2018-04-24

Dissecting Privacy Risks in Biomedical Data

Summary

The decreasing costs of molecular profiling has fueled the biomedical research community with a plethora of new types of biomedical data, enabling a breakthrough towards a more precise and personalized medicine. However, the release of these intrinsically highly sensitive data poses a new severe privacy threat. While biomedical data is largely associated with our health, there also exist various correlations between different types of biomedical data, along the temporal dimension, and also in-between family members. However, so far, the security community has focused on privacy risks stemming from genomic data, largely overlooking the manifold interdependencies between other biomedical data. In this paper, we present a generic framework for quantifying the privacy risks in biomedical data taking into account the various interdependencies between data (i) of different types, (ii) from different individuals, and (iii) at different time.
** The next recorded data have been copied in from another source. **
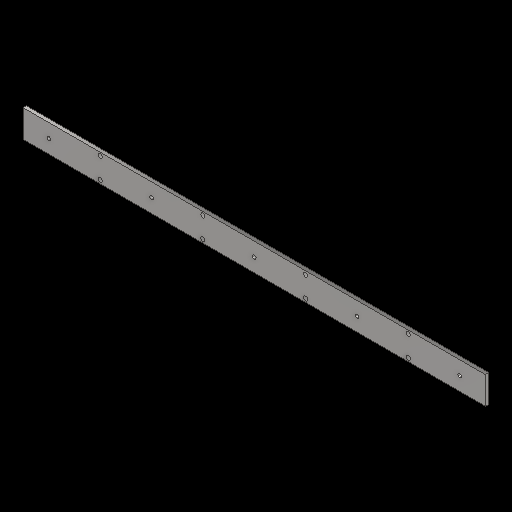
# Autodesk Inventor part: Rail_bracket
Saved by Autodesk Inventor 2026.1 (Build 301233000, 233)
## iProperties
Created: 2024-12-30
Part Number: Rail_bracket
Material: Stainless Steel
Document SubType Name: Modeling
Designer: drago
Density: 8 g/cm^3
Appearance: Semi-Polished
Author: drago
Autodesk Inventor part; units mm, degrees
ref_plane "YZ Plane" through (0, 0, 0) normal (1, 0, 0) x (0, 1, 0)
ref_plane "XZ Plane" through (0, 0, 0) normal (0, 1, 0) x (-1, 0, 0)
ref_plane "XY Plane" through (0, 0, 0) normal (0, 0, 1) x (1, 0, 0)
sketch "Sketch1" plane through (0, 0, 0) normal (0, 0, 1) x (1, 0, 0)
  line L0 (0, 0) -> (675, 0)
  line L1 (675, 0) -> (675, 40)
  line L2 (675, 40) -> (0, 40)
  line L3 (0, 40) -> (0, 0)
  line L4 (0, 20) -> (675, 20) construction
  line L5 (0, 5) -> (675, 5) construction
  line L6 (0, 35) -> (675, 35) construction
  line L7 (337.5, 40) -> (337.5, 0) construction
  circle A0 centre (37.5, 20) radius 2.6
  circle A1 centre (187.5, 20) radius 2.6
  circle A2 centre (337.5, 20) radius 2.6
  circle A3 centre (487.5, 20) radius 2.6
  circle A4 centre (637.5, 20) radius 2.6
  circle A5 centre (112.5, 5) radius 3
  circle A6 centre (262.5, 5) radius 3
  circle A7 centre (412.5, 5) radius 3
  circle A8 centre (562.5, 5) radius 3
  circle A9 centre (112.5, 35) radius 3
  circle A10 centre (262.5, 35) radius 3
  circle A11 centre (412.5, 35) radius 3
  circle A12 centre (562.5, 35) radius 3
  point P0 (37.5, 20)
  point P1 (112.5, 5)
  point P2 (262.5, 5)
  point P3 (412.5, 5)
  point P4 (562.5, 5)
  dimension "d16" = 675
  dimension "d17" = 40
  dimension "d20" = 37.5
  dimension "d22" = 5.2
  dimension "d25" = 150
  dimension "d31" = 75
  dimension "d32" = 6
  dimension "d35" = 150
  dimension "d42" = 150
  dimension "d47" = 30
  constraints: 16 end point, 14 coincident, 13 centre point, 7 point on line, 4 horizontal, 4 midpoint, 3 parallel, 1 equal radius, 1 perpendicular, 1 symmetric about line, 34 other
  measures "d16" distance of L2.end L1.end
  measures "d17" distance of L1.end L0.end
  measures "d20" distance from line of L3 point (37.5, 20)
  measures "d22" diameter of A0
  measures "d25" distance of A0.centre A1.centre
  measures "d31" horizontal distance of point (37.5, 20) point (112.5, 5)
  measures "d32" diameter of A5
  measures "d35" distance of A5.centre A6.centre
  measures "d42" distance of A9.centre A10.centre
  measures "d47" distance between parallel lines of L5 L6
extrude "Extrusion1" add sketch "Sketch1" against normal blind 5 contours L3 L2 L1 L0 | A0 | A1 | A2 | A3 | A4 | A5 | A6 | A7 | A8 | A9 | A10 | A11 | A12
hole "Hole1" at (37.5, 20, 0) at (187.5, 20, 0) at (337.5, 20, 0) at (487.5, 20, 0) at (637.5, 20, 0) direction (0, 0, -1) diameter 5.2 end through all
hole "Hole2" at (112.5, 5, 0) at (262.5, 5, 0) at (412.5, 5, 0) at (562.5, 5, 0) at (112.5, 35, 0) at (262.5, 35, 0) at (412.5, 35, 0) at (562.5, 35, 0) direction (0, 0, -1) diameter 6 end through all
thread "Thread9" size "M6x1" class "6H" standard "ISO Metric profile" full length
thread "Thread10" size "M6x1" class "6H" standard "ISO Metric profile" full length
thread "Thread11" size "M6x1" class "6H" standard "ISO Metric profile" full length
thread "Thread12" size "M6x1" class "6H" standard "ISO Metric profile" full length
thread "Thread13" size "M6x1" class "6H" standard "ISO Metric profile" full length
thread "Thread14" size "M6x1" class "6H" standard "ISO Metric profile" full length
thread "Thread15" size "M6x1" class "6H" standard "ISO Metric profile" full length
thread "Thread16" size "M6x1" class "6H" standard "ISO Metric profile" full length
body "Solid3"

To this end, we rely on a Bayesian network model that allows us to take all aforementioned dependencies into account and run exact probabilistic inference attacks very efficiently. Furthermore, we introduce a generic algorithm for building the Bayesian network, which encompasses expert knowledge for known dependencies, such as genetic inheritance laws, and learns previously unknown dependencies from the data. Then, we conduct a thorough inference risk evaluation with a very rich dataset containing genomic and epigenomic data of mothers and children over multiple years. Besides effective probabilistic inference, we further demonstrate that our Bayesian network model can also serve as a building block for other attacks. We show that, with our framework, an adversary can efficiently identify the parent-child relationships based on methylation data with a success rate of 95%.